The distribution of pharmaceutical products is subject to additional requirements and regulations, including extensive record-keeping, licensing, storage and security requirements intended to prevent the unauthorized sale of pharmaceutical products. In addition, the approval and commercialization of any of our product candidates outside the United States will also likely subject us to foreign equivalents of the healthcare laws mentioned above, amount other foreign laws.
We have adopted and revised our code of business conduct and ethics, which we review and update on a periodic basis, but it is not always possible to identify and deter employee misconduct, and the precautions we take to detect and prevent inappropriate conduct may not be effective in controlling unknown or unmanaged risks or losses or in protecting us from governmental investigations or other actions or lawsuits stemming from a failure to be in compliance with such laws or regulations. Efforts to ensure that our business arrangements with third parties will comply with applicable healthcare and other laws and regulations will involve substantial costs. Given the breadth of the laws and regulations and narrowness of any exceptions, limited guidance for certain laws and regulations and evolving government interpretations of the laws and regulations, regulatory authorities may possibly conclude that our business practices may not comply with healthcare laws and regulations, including our consulting agreements and other relationships with healthcare providers.

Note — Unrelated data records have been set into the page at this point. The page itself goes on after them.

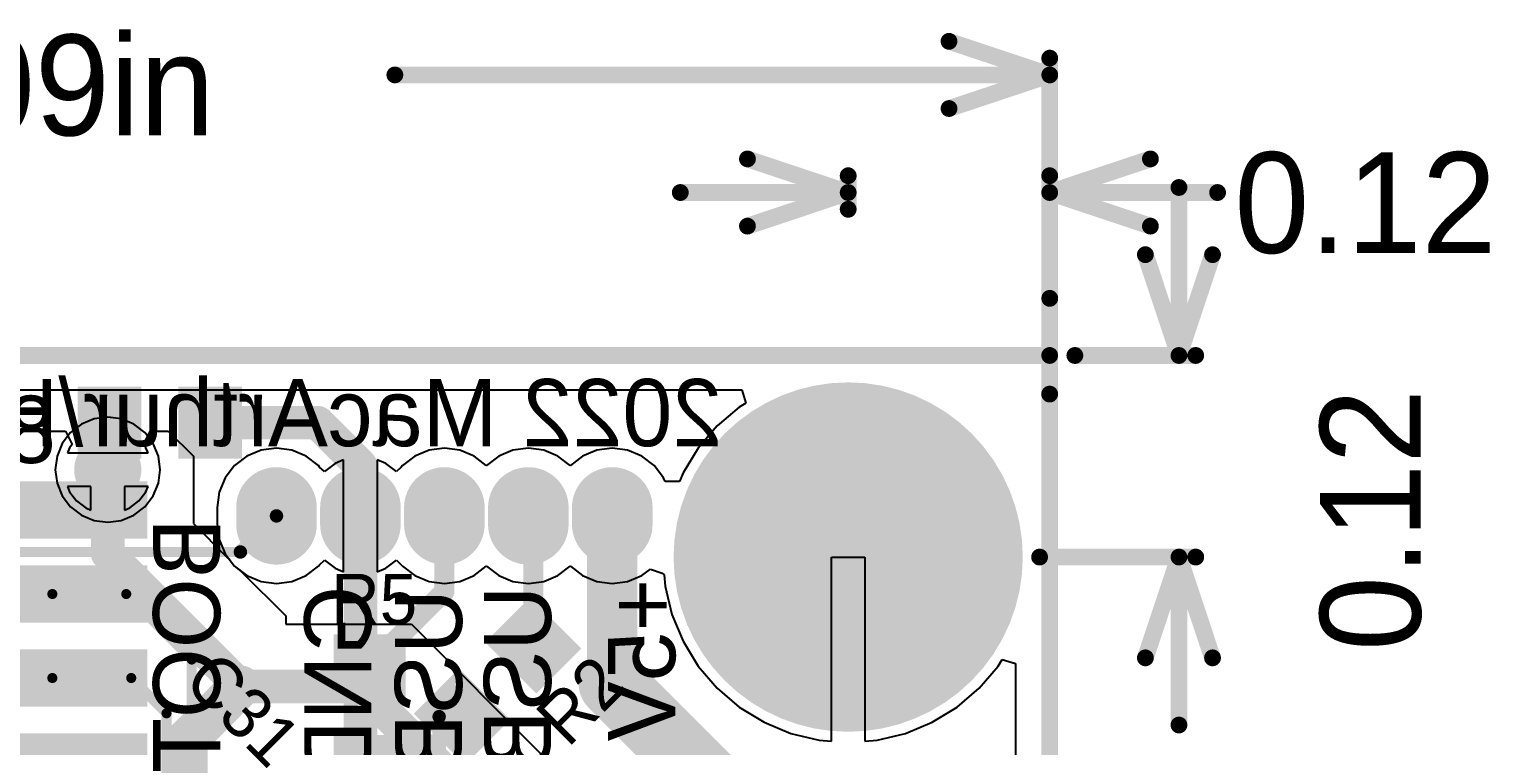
# Model space of a CAD drawing. Header units: millimetres. Extents: x 4.73 to 7.73, y 2.83 to 6.27.
# Drawn here: x 5.572 to 6.442, y 3.848 to 4.274 of the extents above; entities that cross this region are included whole.
import ezdxf

# ---------------------------------------------------------------- set-up
doc = ezdxf.new("R2010")
doc.units = ezdxf.units.MM
doc.header["$MEASUREMENT"] = 0
for name, color, linetype in [('BottomLayer', 5, 'Continuous'), ('BottomOverlay', 54, 'Continuous'), ('BottomSolder', 6, 'Continuous'), ('KeepOutLayer', 6, 'Continuous'), ('Mechanical1', 6, 'Continuous'), ('MidLayer1', 16, 'Continuous'), ('MidLayer2', 76, 'Continuous'), ('MultiLayer', 9, 'Continuous'), ('TopLayer', 1, 'Continuous'), ('TopOverlay', 2, 'Continuous'), ('TopPaste', 8, 'Continuous'), ('TopSolder', 216, 'Continuous')]:
    doc.layers.add(name, color=color, linetype=linetype)

msp = doc.modelspace()

# ---------------------------------------------------------------- linework, layer by layer
at = {"layer": 'BottomLayer'}
for points, const_width in [([(6.01, 3.96, 1), (6.11, 3.96, 1)], 0.1), ([(5.611, 4.012, 1), (5.627, 4.012, 1)], 0.016), ([(5.7095, 3.9895, 1), (5.7295, 3.9895, 1)], 0.02), ([(5.7595, 3.9895, 1), (5.7795, 3.9895, 1)], 0.02), ([(5.8095, 3.9895, 1), (5.8295, 3.9895, 1)], 0.02), ([(5.8595, 3.9895, 1), (5.8795, 3.9895, 1)], 0.02), ([(5.9095, 3.9895, 1), (5.9295, 3.9895, 1)], 0.02), ([(5.7095, 3.9795, 1), (5.7295, 3.9795, 1)], 0.02), ([(5.7595, 3.9795, 1), (5.7795, 3.9795, 1)], 0.02), ([(5.7645, 3.9845, 1), (5.7745, 3.9845, 1)], 0.01), ([(5.8095, 3.9795, 1), (5.8295, 3.9795, 1)], 0.02), ([(5.8595, 3.9795, 1), (5.8795, 3.9795, 1)], 0.02), ([(5.9095, 3.9795, 1), (5.9295, 3.9795, 1)], 0.02)]:
    msp.add_lwpolyline(points, format="xyb", close=True, dxfattribs=dict(at, const_width=const_width))
for points, const_width in [([(5.7195, 3.9795), (5.7195, 3.9895)], 0.04), ([(5.7695, 3.9795), (5.7695, 3.9895)], 0.04), ([(5.8195, 3.9795), (5.8195, 3.9895)], 0.04), ([(5.8695, 3.9795), (5.8695, 3.9895)], 0.04), ([(5.9195, 3.9895), (5.9195, 3.9795)], 0.04), ([(5.7695, 3.8235), (5.7695, 3.9845)], 0.02)]:
    msp.add_lwpolyline(points, dxfattribs=dict(at, const_width=const_width))
at = {"layer": 'BottomSolder'}
for points, const_width in [([(6.008, 3.96, 1), (6.112, 3.96, 1)], 0.104), ([(5.609, 4.012, 1), (5.629, 4.012, 1)], 0.02), ([(5.7075, 3.9895, 1), (5.7315, 3.9895, 1)], 0.024), ([(5.7575, 3.9895, 1), (5.7815, 3.9895, 1)], 0.024), ([(5.8075, 3.9895, 1), (5.8315, 3.9895, 1)], 0.024), ([(5.8575, 3.9895, 1), (5.8815, 3.9895, 1)], 0.024), ([(5.9075, 3.9895, 1), (5.9315, 3.9895, 1)], 0.024), ([(5.7075, 3.9795, 1), (5.7315, 3.9795, 1)], 0.024), ([(5.7575, 3.9795, 1), (5.7815, 3.9795, 1)], 0.024), ([(5.8075, 3.9795, 1), (5.8315, 3.9795, 1)], 0.024), ([(5.8575, 3.9795, 1), (5.8815, 3.9795, 1)], 0.024), ([(5.9075, 3.9795, 1), (5.9315, 3.9795, 1)], 0.024)]:
    msp.add_lwpolyline(points, format="xyb", close=True, dxfattribs=dict(at, const_width=const_width))
at = {"layer": 'BottomSolder', "const_width": 0.048}
for points in [[(5.7195, 3.9795), (5.7195, 3.9895)], [(5.7695, 3.9795), (5.7695, 3.9895)], [(5.8195, 3.9795), (5.8195, 3.9895)], [(5.8695, 3.9795), (5.8695, 3.9895)], [(5.9195, 3.9895), (5.9195, 3.9795)]]:
    msp.add_lwpolyline(points, dxfattribs=at)
at = {"layer": 'KeepOutLayer', "const_width": 0.01}
for points in [[(5.09, 4.08), (6.18, 4.08)], [(6.18, 3.01), (6.18, 4.08)]]:
    msp.add_lwpolyline(points, dxfattribs=at)
at = {"layer": 'KeepOutLayer', "const_width": 0.005}
msp.add_lwpolyline([(6.1775, 4.08, 1), (6.1825, 4.08, 1)], format="xyb", close=True, dxfattribs=at)
msp.add_lwpolyline([(6.1775, 4.08, 1), (6.1825, 4.08, 1)], format="xyb", close=True, dxfattribs=at)
at = {"layer": 'Mechanical1', "const_width": 0.01}
for points in [[(6.12005, 4.267), (6.18005, 4.247)], [(6.18005, 4.114), (6.18005, 4.257)], [(5.79, 4.247), (6.18005, 4.247)], [(6.12005, 4.227), (6.18005, 4.247)], [(6, 4.197), (6.06, 4.177)], [(6.18, 4.177), (6.24, 4.197)], [(6.06, 4.167), (6.06, 4.187)], [(6.18, 4.057), (6.18, 4.187)], [(6.257, 4.08), (6.257, 4.18)], [(5.96, 4.177), (6.06, 4.177)], [(6, 4.157), (6.06, 4.177)], [(6.18, 4.177), (6.28, 4.177)], [(6.18, 4.177), (6.24, 4.157)], [(6.237, 4.14), (6.257, 4.08)], [(6.257, 4.08), (6.277, 4.14)], [(6.195, 4.08), (6.267, 4.08)], [(6.174, 3.96), (6.267, 3.96)], [(6.237, 3.9), (6.257, 3.96)], [(6.257, 3.86), (6.257, 3.96)], [(6.257, 3.96), (6.277, 3.9)]]:
    msp.add_lwpolyline(points, dxfattribs=at)
at = {"layer": 'Mechanical1', "const_width": 0.005}
for points in [[(6.11755, 4.267, 1), (6.12255, 4.267, 1)], [(6.17755, 4.257, 1), (6.18255, 4.257, 1)], [(5.7875, 4.247, 1), (5.7925, 4.247, 1)], [(6.17755, 4.247, 1), (6.18255, 4.247, 1)], [(6.17755, 4.247, 1), (6.18255, 4.247, 1)], [(6.17755, 4.247, 1), (6.18255, 4.247, 1)], [(6.11755, 4.227, 1), (6.12255, 4.227, 1)], [(5.9975, 4.197, 1), (6.0025, 4.197, 1)], [(6.2375, 4.197, 1), (6.2425, 4.197, 1)], [(6.0575, 4.187, 1), (6.0625, 4.187, 1)], [(6.1775, 4.187, 1), (6.1825, 4.187, 1)], [(6.2545, 4.18, 1), (6.2595, 4.18, 1)], [(5.9575, 4.177, 1), (5.9625, 4.177, 1)], [(6.0575, 4.177, 1), (6.0625, 4.177, 1)], [(6.0575, 4.177, 1), (6.0625, 4.177, 1)], [(6.0575, 4.177, 1), (6.0625, 4.177, 1)], [(6.1775, 4.177, 1), (6.1825, 4.177, 1)], [(6.1775, 4.177, 1), (6.1825, 4.177, 1)], [(6.1775, 4.177, 1), (6.1825, 4.177, 1)], [(6.2775, 4.177, 1), (6.2825, 4.177, 1)], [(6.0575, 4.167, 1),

If our operations are found to be in violation of any of the laws described above or any other governmental laws and regulations that may apply to us, we may be subject to actions including the imposition of civil, criminal, and administrative penalties, damages, disgorgement, monetary fines, possible exclusion from participation in Medicare, Medicaid, and other federal healthcare programs, individual imprisonment, contractual damages, reputational harm, diminished profits and future earnings, additional reporting requirements, or oversight if we become subject to a corporate integrity agreement or similar agreement to resolve allegations of non-compliance with these laws, and curtailment or restructuring of our operations, any of which could adversely affect our ability to operate our business and our results of operations. Further, defending against any such actions can be costly, time consuming, and may require significant personnel resources. Therefore, even if we are successful in defending against any such actions that may be brought against us, our business may be impaired.